Gry

Ta gra chce usmażyć PlayStation 5. Gracze muszą się mieć na baczności

Kamil Świtalski
Ta gra chce usmażyć PlayStation 5. Gracze muszą się mieć na baczności
Reklama

Od premiery Death Stranding 2: On the Beach autorstwa Kojima Productions minęło zaledwie kilka dni. Gra cieszy się ogromną popularnością — to w końcu jedna z najważniejszych tegorocznych premier. I choć bez wątpienia jest to gra dla każdego, nie bez powodu narobiła tyle szumu. Jednak poza samymi opiniami na temat gry, w sieci pojawia się coraz więcej informacji na temat problemów technicznych. Wielu graczy informuje, że ich konsole (zarówno PlayStation 5 jak i PlayStation 5 Pro) przegrzewają się podczas zabawy.

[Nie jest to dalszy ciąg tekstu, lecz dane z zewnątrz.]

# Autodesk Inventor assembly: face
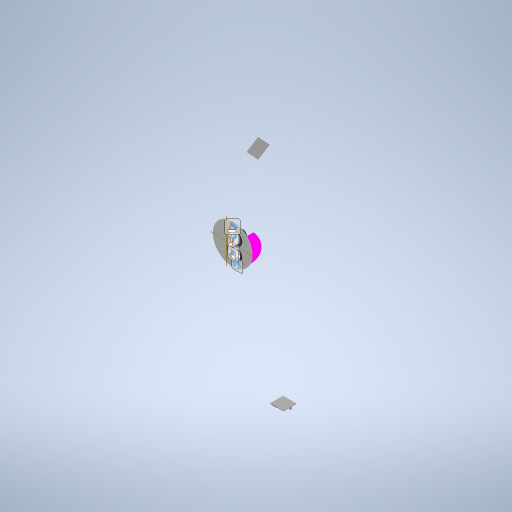
[picture p0: Inventor's stored thumbnail of the model, 512x512]
Saved by Autodesk Inventor 2023.2 (Build 272271030, 271C)
## iProperties
Created: 2024-01-26
Part Number: face
Document SubType Name: Assembly
Designer: I9232
Author: I9232
## Documents named in this file (15)
- D:\!project\fox_n_crow_construction\crow\face\face.iam
- D:\!project\fox_n_crow_construction\crow\face\Сборка глаза вороны.iam
- D:\!project\fox_n_crow_construction\crow\face\Деталь1.ipt
- D:\!project\fox_n_crow_construction\crow\face\Платформа для крыльев лево.ipt
- D:\!project\fox_n_crow_construction\crow\face\Платформа для крыльев право.ipt
- D:\!project\fox_n_crow_construction\crow\face\Сыр.ipt
- D:\!project\fox_n_crow_construction\crow\face\Веер.ipt
- D:\!project\fox_n_crow_construction\crow\face\боковые стороны головы.ipt
- D:\!project\fox_n_crow_construction\crow\face\servoDS3115mg.iam
- D:\!project\fox_n_crow_construction\crow\face\SERVO ARM HORN 25T ALUMINIUM\SERVO ARM HORN 25T ALUMINIUM.ipt
- D:\!project\fox_n_crow_construction\crow\face\Крепление рычага к лицу.ipt
- D:\!project\fox_n_crow_construction\crow\face\Рычаг.ipt
- D:\!project\fox_n_crow_construction\crow\face\Лицо низ.ipt
- D:\!project\fox_n_crow_construction\crow\face\Лицо верх.ipt
- D:\!project\fox_n_crow_construction\crow\face\door_hinge.iam
## Components (15 placed, 14 different names)
1. Сборка глаза вороны:1 [sub-assembly] — Заподлицо:1, Совмещение:5
2. Платформа глаз — Заподлицо:1, Совмещение:4, Совмещение:5, Заподлицо:4, Заподлицо:5, Заподлицо:6
3. Платформа для крыльев лево:1
4. Платформа для крыльев право:1 — Жесткий:1
5. Сыр:1
6. Веер:1 — Жесткий:1
7. Веер:2
8. боковые стороны головы:1 — Совмещение:4, Совмещение:6, Совмещение:7, Совмещение:8
9. servoDS3115mg:1 [sub-assembly] — Совмещение:6, Совмещение:7, Совмещение:8, Совмещение:15, Совмещение:16
10. SERVO ARM HORN 25T ALUMINIUM:1 — Совмещение:15, Цилиндрический:4, Совмещение:16, Совмещение:17
11. Крепление рычага к лицу:1 — Совмещение:12, Заподлицо:7, Совмещение:14, Цилиндрический:3
12. Рычаг:1 — Цилиндрический:3, Цилиндрический:4, Совмещение:17
13. Лицо низ:1 — Цилиндрический:2, Угол:2, Совмещение:12, Заподлицо:7, Совмещение:13, Совмещение:14
14. Лицо верх:1 — Заподлицо:4, Заподлицо:5, Заподлицо:6, Совмещение:10, Цилиндрический:1, Угол:1, Угол:2
15. door_hinge:1 [sub-assembly] — Совмещение:10, Цилиндрический:1, Угол:1, Цилиндрический:2, Совмещение:13
## Relationships (24: Mate 12, Flush 5, CylindricalJoint 4, Angle 2, WeldJoint 1)
- Заподлицо:1 [Flush]: Сборка глаза вороны:1 ↔ Платформа глаз
- Жесткий:1 [WeldJoint]: Платформа для крыльев право:1 ↔ Веер:1
- Совмещение:4 [Mate]: Платформа глаз ↔ боковые стороны головы:1
- Совмещение:5 [Mate]: Сборка глаза вороны:1 ↔ Платформа глаз
- Совмещение:6 [Mate]: боковые стороны головы:1 ↔ servoDS3115mg:1
- Совмещение:7 [Mate]: боковые стороны головы:1 ↔ servoDS3115mg:1
- Совмещение:8 [Mate]: боковые стороны головы:1 ↔ servoDS3115mg:1
- Заподлицо:4 [Flush]: Платформа глаз ↔ Лицо верх:1
- Заподлицо:5 [Flush]: Платформа глаз ↔ Лицо верх:1
- Заподлицо:6 [Flush]: Платформа глаз ↔ Лицо верх:1
- Совмещение:10 [Mate]: Лицо верх:1 ↔ door_hinge:1
- Цилиндрический:1 [CylindricalJoint]: Лицо верх:1 ↔ door_hinge:1
- Угол:1 [Angle] (180 deg): Лицо верх:1 ↔ door_hinge:1
- Цилиндрический:2 [CylindricalJoint]: Лицо низ:1 ↔ door_hinge:1
- Угол:2 [Angle] (0 deg): Лицо низ:1 ↔ Лицо верх:1
- Совмещение:12 [Mate]: Крепление рычага к лицу:1 ↔ Лицо низ:1
- Заподлицо:7 [Flush]: Крепление рычага к лицу:1 ↔ Лицо низ:1
- Совмещение:13 [Mate]: Лицо низ:1 ↔ door_hinge:1
- Совмещение:14 [Mate]: Крепление рычага к лицу:1 ↔ Лицо низ:1
- Цилиндрический:3 [CylindricalJoint]: Крепление рычага к лицу:1 ↔ Рычаг:1
- Совмещение:15 [Mate]: servoDS3115mg:1 ↔ SERVO ARM HORN 25T ALUMINIUM:1
- Цилиндрический:4 [CylindricalJoint]: SERVO ARM HORN 25T ALUMINIUM:1 ↔ Рычаг:1
- Совмещение:16 [Mate]: servoDS3115mg:1 ↔ SERVO ARM HORN 25T ALUMINIUM:1
- Совмещение:17 [Mate]: SERVO ARM HORN 25T ALUMINIUM:1 ↔ Рычаг:1

Już pierwszego dnia po starcie, w sieci zaczęły pojawiać się sygnały o problemach z przegrzewaniem konsol. Wynika z nich, że sama rozgrywka ma przebiegać płynnie, ale sytuacja zmienia się diametralnie, gdy otworzy się mapę gry lub menu. To właśnie wtedy chłodzenie konsoli zaczyna pracować na najwyższych obrotach, a część graczy spotkała się również z komunikatem o przegrzaniu i informacji zmuszającej do wyłączenia urządzenia.

Reklama

Gracze i eksperci spekulują, że przyczyną przegrzewania może być odblokowana liczba klatek na sekundę podczas wyświetlania mapy. Taki błąd w optymalizacji gry powoduje nadmierne obciążenie GPU konsoli, co prowadzi do gwałtownego wzrostu temperatury sprzętu. Co ciekawe: problem ustępuje, gdy mapa zostanie zamknięta – wtedy też wentylatory zwalniają, a konsola wraca do normalnego działania.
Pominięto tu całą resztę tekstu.